Premis Drama Musikal “Sidik”
Drama musikal “Sidik” akan mengisahkan perjalanan penyidik KPK dalam menangani kasus korupsi di Indonesia. Andovi da Lopez, salah satu kreator dari perusahaan tersebut, menjelaskan bahwa premis utama acara ini tidak terlepas dari kehidupan nyata pekerja anti-korupsi dan tantangan yang dihadapinya. "Kami menulis cerita ini berdasarkan pengalaman nyata, tetapi juga mencoba menghadirkan dimensi yang lebih dramatis agar lebih menarik bagi penonton," kata Andovi.
“Saya dan Kak Jo, serta tim kami, menggali cerita korupsi yang pernah ditangani KPK, yang tidak bisa saya bocorkan sekarang, tapi akan menjadi bahan cerita yang menarik dan bermakna,” ujarnya.

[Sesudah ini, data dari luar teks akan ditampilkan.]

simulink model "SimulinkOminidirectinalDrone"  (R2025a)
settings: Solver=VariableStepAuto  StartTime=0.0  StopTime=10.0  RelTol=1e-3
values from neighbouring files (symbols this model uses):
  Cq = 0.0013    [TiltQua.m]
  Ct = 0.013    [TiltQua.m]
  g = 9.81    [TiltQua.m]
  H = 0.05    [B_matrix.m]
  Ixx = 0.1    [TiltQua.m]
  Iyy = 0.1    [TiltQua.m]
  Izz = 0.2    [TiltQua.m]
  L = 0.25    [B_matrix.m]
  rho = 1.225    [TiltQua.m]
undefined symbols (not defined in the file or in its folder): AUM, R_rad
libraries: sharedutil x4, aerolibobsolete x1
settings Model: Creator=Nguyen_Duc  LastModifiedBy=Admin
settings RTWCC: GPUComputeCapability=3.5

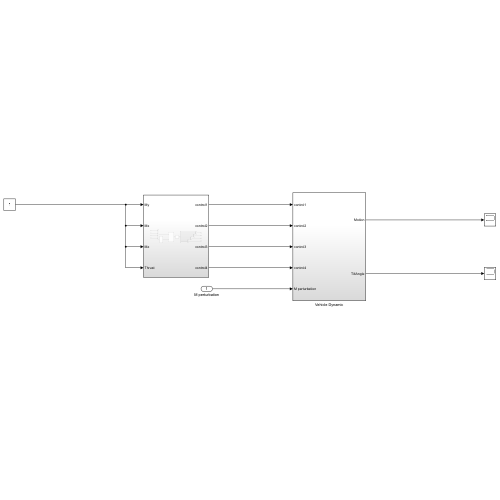
[thumbnail: Simulink's stored preview of the top-level diagram]
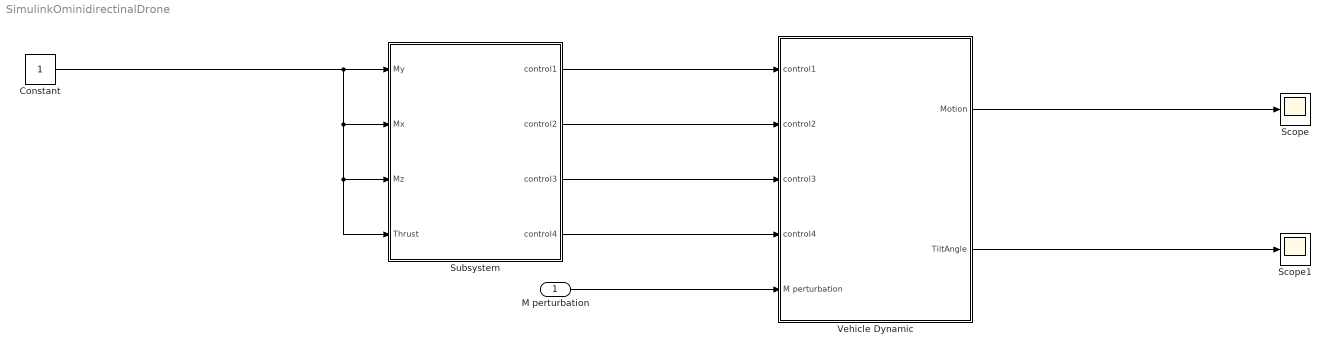
== system SimulinkOminidirectinalDrone ==
  M perturbation : Inport
  Constant : Constant
  Scope : Scope
  Scope1 : Scope
  Subsystem : Subsystem
  Vehicle Dynamic : Subsystem
  wires:
  Subsystem/1(control1) -> Vehicle Dynamic/1(control1)
  Subsystem/2(control2) -> Vehicle Dynamic/2(control2)
  Subsystem/3(control3) -> Vehicle Dynamic/3(control3)
  Subsystem/4(control4) -> Vehicle Dynamic/4(control4)
  M perturbation/1 -> Vehicle Dynamic/5(M perturbation)
  Vehicle Dynamic/1(Motion) -> Scope/1
  Vehicle Dynamic/2(TiltAngle) -> Scope1/1
  Constant/1 -> Subsystem/1(My), Subsystem/4(Thrust), Subsystem/3(Mz), Subsystem/2(Mx)

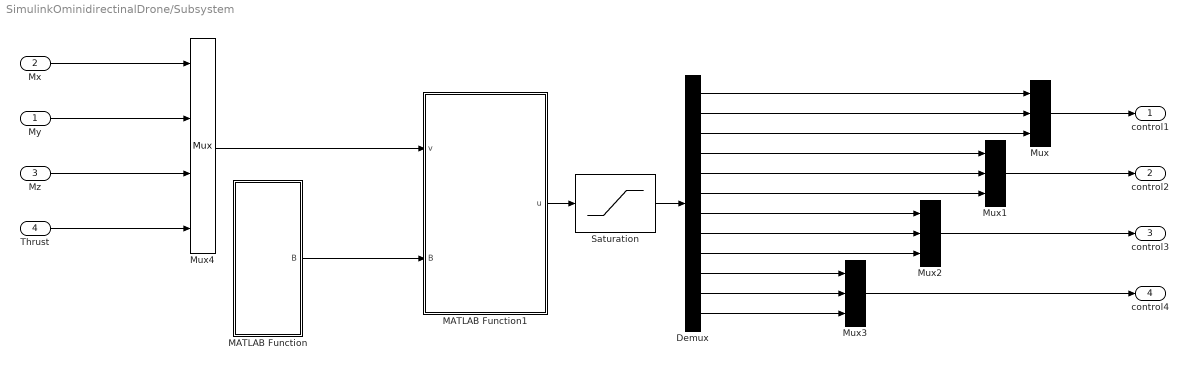
== system SimulinkOminidirectinalDrone/Subsystem ==
  My : Inport
  Mx : Inport  Port=2
  Mz : Inport  Port=3
  Thrust : Inport  Port=4
  Demux : Demux  Outputs=12
  MATLAB Function : MATLAB Function  TreatAsAtomicUnit=on
  MATLAB Function1 : MATLAB Function  TreatAsAtomicUnit=on
  Mux{,1..3} (4 alike) : Mux  Inputs=3
  Mux4 : Mux
  Saturation : Saturate  UpperLimit="[1  30*pi/180  0.2  1  30*pi/180  0.2  1  30*pi/180  0.2  1  30*pi/180  0.2]"  LowerLimit="[0 -30*pi/180 -0.2  0 -30*pi/180 -0.2  0 -30*pi/180 -0.2  0 -30*pi/180 -0.2]"
  control1 : Outport
  control2 : Outport  Port=2
  control3 : Outport  Port=3
  control4 : Outport  Port=4
  wires:
  MATLAB Function/1(B) -> MATLAB Function1/2(B)
  Mux4/1 -> MATLAB Function1/1(v)
  MATLAB Function1/1(u) -> Saturation/1
  Saturation/1 -> Demux/1
  Demux/1 -> Mux/1
  Mux/1 -> control1/1
  Demux/3 -> Mux/3
  Demux/2 -> Mux/2
  Demux/4 -> Mux1/1
  Demux/5 -> Mux1/2
  Demux/6 -> Mux1/3
  Demux/7 -> Mux2/1
  Demux/8 -> Mux2/2
  Demux/9 -> Mux2/3
  Demux/10 -> Mux3/1
  Demux/11 -> Mux3/2
  Demux/12 -> Mux3/3
  Mux1/1 -> control2/1
  Mux2/1 -> control3/1
  Mux3/1 -> control4/1
  Mx/1 -> Mux4/1
  My/1 -> Mux4/2
  Mz/1 -> Mux4/3
  Thrust/1 -> Mux4/4

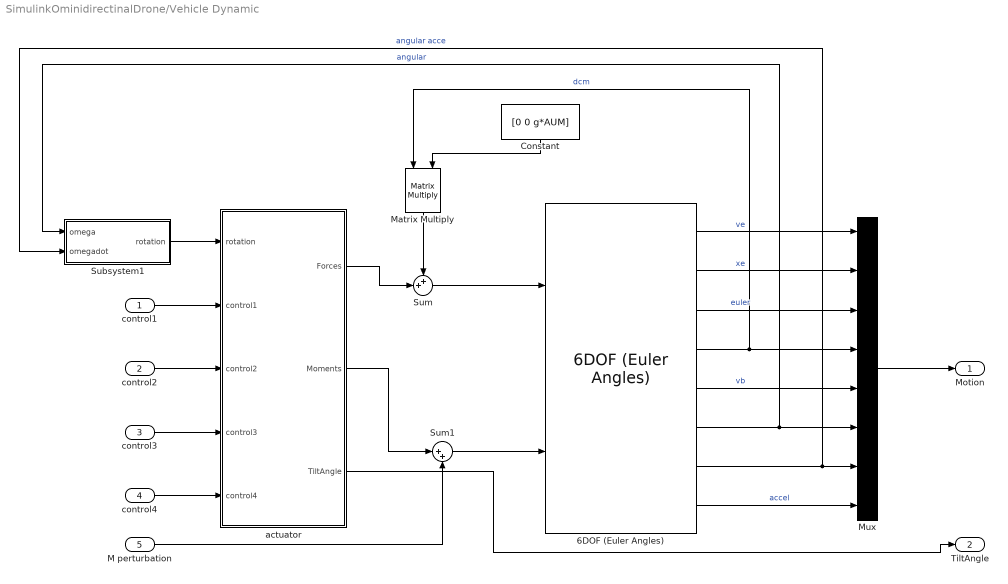
== system SimulinkOminidirectinalDrone/Vehicle Dynamic ==
  control1 : Inport
  control2 : Inport  Port=2
  control3 : Inport  Port=3
  control4 : Inport  Port=4
  M perturbation : Inport  Port=5
  6DOF (Euler Angles) : aerolibobsolete/6DOF (Euler Angles)  units=Metric (MKS)  mtype=Fixed  rep=Euler Angles  xme_0=[0 0 0]  Vm_0=[0 0 0]  eul_0=[0 0 0]  pm_0=[0 0 0]  mass_0=1.0  mass_e=0.5  mass_f=2.0  inertia=eye(3)  inertia_e=eye(3)  inertia_f=2*eye(3)  k_quat=1.0  vre_flag=on  abi_flag=off  aMode=0  xme_statename=''  Vm_statename=''  eul_statename=''  quat_statename=''  pm_statename=''  mass_statename=''
  Constant : Constant  Value=[0 0 g*AUM]
  Matrix Multiply : Product  Multiplication=Matrix(*)
  Mux : Mux  Inputs=8
  Subsystem1 : Subsystem
  Sum : Sum  Inputs=++|
  Sum1 : Sum  Inputs=|++
  actuator : Subsystem
  Motion : Outport
  TiltAngle : Outport  Port=2
  wires:
  control3/1 -> actuator/4(control3)
  M perturbation/1 -> Sum1/2
  Matrix Multiply/1 -> Sum/1
  6DOF (Euler Angles)/7 -> Subsystem1/2(omegadot), Mux/7  "angular acce"
  6DOF (Euler Angles)/3 -> Mux/3  "euler"
  Mux/1 -> Motion/1
  control1/1 -> actuator/2(control1)
  6DOF (Euler Angles)/2 -> Mux/2  "xe"
  6DOF (Euler Angles)/1 -> Mux/1  "ve"
  control2/1 -> actuator/3(control2)
  control4/1 -> actuator/5(control4)
  Constant/1 -> Matrix Multiply/2
  6DOF (Euler Angles)/8 -> Mux/8  "accel"
  6DOF (Euler Angles)/6 -> Subsystem1/1(omega), Mux/6  "angular"
  6DOF (Euler Angles)/5 -> Mux/5  "vb"
  6DOF (Euler Angles)/4 -> Matrix Multiply/1, Mux/4  "dcm"
  Sum1/1 -> 6DOF (Euler Angles)/2
  actuator/3(TiltAngle) -> TiltAngle/1
  Subsystem1/1(rotation) -> actuator/1(rotation)
  Sum/1 -> 6DOF (Euler Angles)/1
  actuator/1(Forces) -> Sum/2
  actuator/2(Moments) -> Sum1/1

== system SimulinkOminidirectinalDrone/Vehicle Dynamic/Subsystem1 ==
  omega : Inport
  omegadot : Inport  Port=2
  Demux : Demux  Outputs=3
  Demux1 : Demux  Outputs=3
  Mux1 : Mux  Inputs=6
  rotation : Outport
  wires:
  Mux1/1 -> rotation/1
  Demux/3 -> Mux1/3
  Demux1/1 -> Mux1/4
  omega/1 -> Demux/1
  Demux1/2 -> Mux1/5
  Demux/1 -> Mux1/1
  Demux/2 -> Mux1/2
  omegadot/1 -> Demux1/1
  Demux1/3 -> Mux1/6

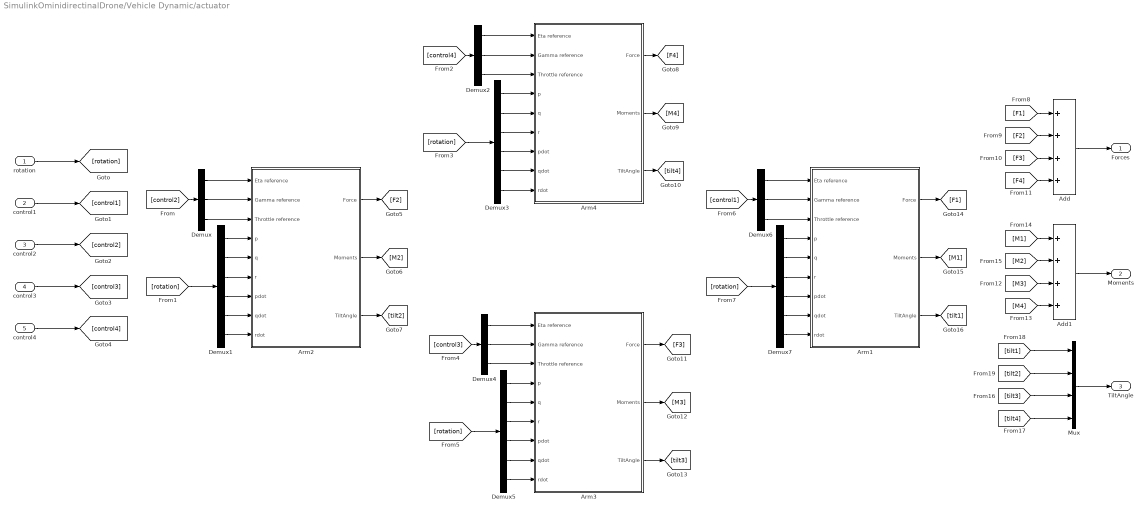
== system SimulinkOminidirectinalDrone/Vehicle Dynamic/actuator ==
  rotation : Inport
  control1 : Inport  Port=2
  control2 : Inport  Port=3
  control3 : Inport  Port=4
  control4 : Inport  Port=5
  Add : Sum  Inputs=++++
  Add1 : Sum  Inputs=++++
  Arm1 : Subsystem
  Arm2 : Subsystem
  Arm3 : Subsystem
  Arm4 : Subsystem
  Demux{,2,4,6} (4 alike) : Demux  Outputs=3
  Demux{1,3,5,7} (4 alike) : Demux  Outputs=6
  Mux : Mux
  Forces : Outport
  Moments : Outport  Port=2
  TiltAngle : Outport  Port=3
  wires:
  Demux5/3 -> Arm3/6(r)
  Demux7/6 -> Arm1/9(rdot)
  control3/1 -> [control3]
  Demux1/3 -> Arm2/6(r)
  Demux6/2 -> Arm1/2(Gamma reference)
  Add/1 -> Forces/1
  Demux4/3 -> Arm3/3(Throttle reference)
  Demux2/3 -> Arm4/3(Throttle reference)
  [F4] -> Add/4
  Arm1/3(TiltAngle) -> [tilt1]
  [tilt4] -> Mux/4
  [M3] -> Add1/3
  Demux4/2 -> Arm3/2(Gamma reference)
  Demux5/2 -> Arm3/5(q)
  [control1] -> Demux6/1
  Arm1/2(Moments) -> [M1]
  Arm3/1(Force) -> [F3]
  Demux7/3 -> Arm1/6(r)
  Demux5/5 -> Arm3/8(qdot)
  [M2] -> Add1/2
  Arm2/1(Force) -> [F2]
  Arm1/1(Force) -> [F1]
  Demux1/2 -> Arm2/5(q)
  Demux7/5 -> Arm1/8(qdot)
  Demux1/6 -> Arm2/9(rdot)
  [rotation] -> Demux3/1
  [M1] -> Add1/1
  [M4] -> Add1/4
  [control3] -> Demux4/1
  Add1/1 -> Moments/1
  Demux5/6 -> Arm3/9(rdot)
  Demux3/2 -> Arm4/5(q)
  [tilt2] -> Mux/2
  Demux1/1 -> Arm2/4(p)
  Arm4/1(Force) -> [F4]
  Demux5/4 -> Arm3/7(pdot)
  Demux3/5 -> Arm4/8(qdot)
  Demux3/4 -> Arm4/7(pdot)
  Demux3/6 -> Arm4/9(rdot)
  Demux6/1 -> Arm1/1(Eta reference)
  Demux7/2 -> Arm1/5(q)
  Arm3/2(Moments) -> [M3]
  Demux7/4 -> Arm1/7(pdot)
  Arm4/2(Moments) -> [M4]
  control1/1 -> [control1]
  Demux2/2 -> Arm4/2(Gamma reference)
  Arm2/3(TiltAngle) -> [tilt2]
  [control4] -> Demux2/1
  Demux3/3 -> Arm4/6(r)
  Demux3/1 -> Arm4/4(p)
  Demux6/3 -> Arm1/3(Throttle reference)
  Arm4/3(TiltAngle) -> [tilt4]
  Demux2/1 -> Arm4/1(Eta reference)
  Demux5/1 -> Arm3/4(p)
  Demux/2 -> Arm2/2(Gamma reference)
  [control2] -> Demux/1
  control2/1 -> [control2]
  Demux7/1 -> Arm1/4(p)
  Arm2/2(Moments) -> [M2]
  [rotation] -> Demux1/1
  Arm3/3(TiltAngle) -> [tilt3]
  [rotation] -> Demux7/1
  Demux/1 -> Arm2/1(Eta reference)
  Demux4/1 -> Arm3/1(Eta reference)
  [rotation] -> Demux5/1
  Demux1/4 -> Arm2/7(pdot)
  rotation/1 -> [rotation]
  Demux/3 -> Arm2/3(Throttle reference)
  control4/1 -> [control4]
  Demux1/5 -> Arm2/8(qdot)
  Mux/1 -> TiltAngle/1
  [F3] -> Add/3
  [F1] -> Add/1
  [tilt1] -> Mux/1
  [tilt3] -> Mux/3
  [F2] -> Add/2

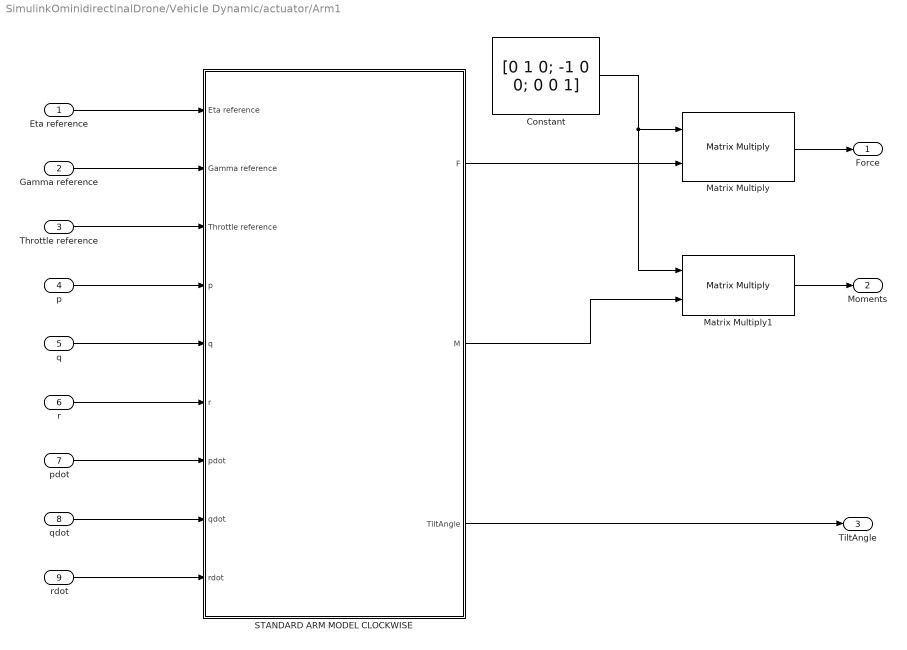
== system SimulinkOminidirectinalDrone/Vehicle Dynamic/actuator/Arm1 ==
  Eta reference : Inport
  Gamma reference : Inport  Port=2
  Throttle reference : Inport  Port=3
  p : Inport  Port=4
  q : Inport  Port=5
  r : Inport  Port=6
  pdot : Inport  Port=7
  qdot : Inport  Port=8
  rdot : Inport  Port=9
  Constant : Constant  Value=[0 1 0; -1 0 0; 0 0 1]
  Matrix Multiply : Product  Multiplication=Matrix(*)
  Matrix Multiply1 : Product  Multiplication=Matrix(*)
  STANDARD ARM MODEL CLOCKWISE : Subsystem
  Force : Outport
  Moments : Outport  Port=2
  TiltAngle : Outport  Port=3
  wires:
  Gamma reference/1 -> STANDARD ARM MODEL CLOCKWISE/2(Gamma reference)
  Eta reference/1 -> STANDARD ARM MODEL CLOCKWISE/1(Eta reference)
  Matrix Multiply1/1 -> Moments/1
  STANDARD ARM MODEL CLOCKWISE/1(F) -> Matrix Multiply/2
  Throttle reference/1 -> STANDARD ARM MODEL CLOCKWISE/3(Throttle reference)
  r/1 -> STANDARD ARM MODEL CLOCKWISE/6(r)
  p/1 -> STANDARD ARM MODEL CLOCKWISE/4(p)
  q/1 -> STANDARD ARM MODEL CLOCKWISE/5(q)
  STANDARD ARM MODEL CLOCKWISE/2(M) -> Matrix Multiply1/2
  pdot/1 -> STANDARD ARM MODEL CLOCKWISE/7(pdot)
  qdot/1 -> STANDARD ARM MODEL CLOCKWISE/8(qdot)
  rdot/1 -> STANDARD ARM MODEL CLOCKWISE/9(rdot)
  Constant/1 -> Matrix Multiply1/1, Matrix Multiply/1
  Matrix Multiply/1 -> Force/1
  STANDARD ARM MODEL CLOCKWISE/3(TiltAngle) -> TiltAngle/1

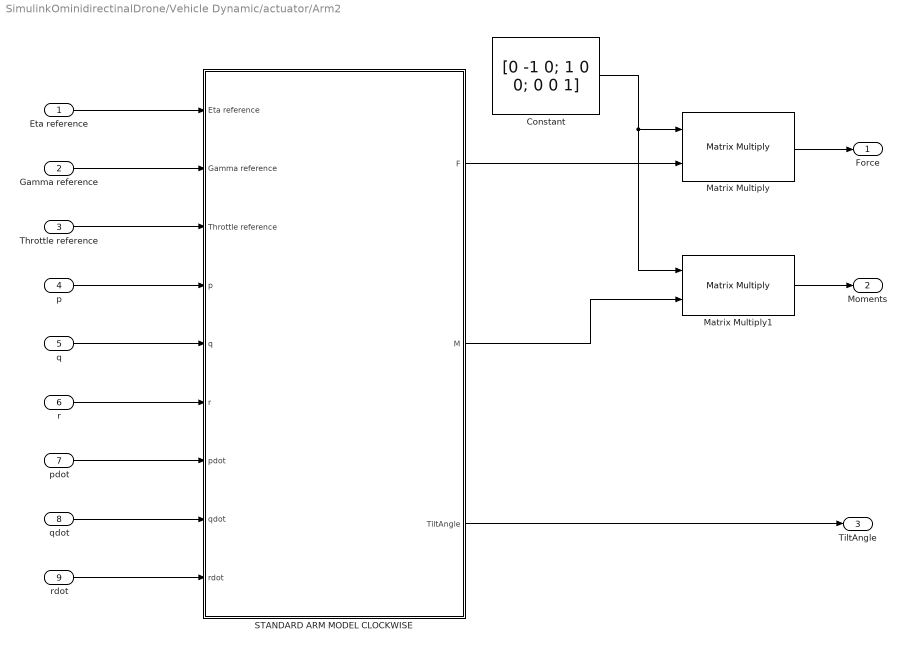
== system SimulinkOminidirectinalDrone/Vehicle Dynamic/actuator/Arm2 ==
  Eta reference : Inport
  Gamma reference : Inport  Port=2
  Throttle reference : Inport  Port=3
  p : Inport  Port=4
  q : Inport  Port=5
  r : Inport  Port=6
  pdot : Inport  Port=7
  qdot : Inport  Port=8
  rdot : Inport  Port=9
  Constant : Constant  Value=[0 -1 0; 1 0 0; 0 0 1]
  Matrix Multiply : Product  Multiplication=Matrix(*)
  Matrix Multiply1 : Product  Multiplication=Matrix(*)
  STANDARD ARM MODEL CLOCKWISE : Subsystem
  Force : Outport
  Moments : Outport  Port=2
  TiltAngle : Outport  Port=3
  wires:
  Gamma reference/1 -> STANDARD ARM MODEL CLOCKWISE/2(Gamma reference)
  Eta reference/1 -> STANDARD ARM MODEL CLOCKWISE/1(Eta reference)
  Matrix Multiply1/1 -> Moments/1
  STANDARD ARM MODEL CLOCKWISE/1(F) -> Matrix Multiply/2
  Throttle reference/1 -> STANDARD ARM MODEL CLOCKWISE/3(Throttle reference)
  r/1 -> STANDARD ARM MODEL CLOCKWISE/6(r)
  p/1 -> STANDARD ARM MODEL CLOCKWISE/4(p)
  q/1 -> STANDARD ARM MODEL CLOCKWISE/5(q)
  STANDARD ARM MODEL CLOCKWISE/2(M) -> Matrix Multiply1/2
  pdot/1 -> STANDARD ARM MODEL CLOCKWISE/7(pdot)
  qdot/1 -> STANDARD ARM MODEL CLOCKWISE/8(qdot)
  rdot/1 -> STANDARD ARM MODEL CLOCKWISE/9(rdot)
  Constant/1 -> Matrix Multiply1/1, Matrix Multiply/1
  Matrix Multiply/1 -> Force/1
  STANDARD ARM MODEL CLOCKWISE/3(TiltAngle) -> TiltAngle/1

Pengelolaan Tiket dan Penyebaran Informasi
Untuk menjamin akses informasi yang cepat dan mudah, KPK berencana menyebarkan detail tiket pertunjukan berbayar melalui platform media sosial Instagram Da Lopez Entertainment. "Masyarakat yang ingin mengikuti acara ini bisa langsung mengunjungi akun Instagram mereka untuk mengetahui informasi lebih lanjut," kata Andovi. Ia juga mengatakan bahwa pihaknya sedang menyiapkan strategi pemasaran yang menarik untuk menarik perhatian berbagai kalangan.
Perspektif Kampanye Anti-Korupsi
Drama musikal ini diharapkan menjadi sarana edukasi yang kreatif, terutama bagi generasi muda. "Kami ingin memberikan pesan bahwa korupsi bukan hanya tentang uang, tetapi juga tentang nilai-nilai yang perlu dipertahankan," kata Amir. Selain itu, ia menekankan bahwa KPK juga ingin membangun koneksi emosional antara penonton dengan isu anti-korupsi, agar masyarakat lebih termotivasi untuk terlibat secara aktif.
“Kami percaya bahwa seni memiliki kekuatan untuk menyampaikan pesan yang mendalam, termasuk dalam memerangi korupsi,” ujarnya.
Tujuan dan Harapan dari Kampanye Ini
Kampanye “Sidik” bukan hanya sekadar pertunjukan, tetapi juga bagian dari upaya KPK untuk mengubah cara masyarakat mempersepsikan korupsi. Amir menjelaskan bahwa acara ini dirancang agar pesan anti-korupsi dapat disampaikan dengan lebih menarik dan tidak membosankan. "Dengan gaya pertunjukan yang menarik, kita bisa memikat banyak orang, termasuk mereka yang sebelumnya tidak tertarik dengan topik korupsi," katanya.
“Kami juga ingin menunjukkan bahwa korupsi bisa diatasi melalui kerja sama, kesadaran, dan keseriusan bersama,” tambah Amir.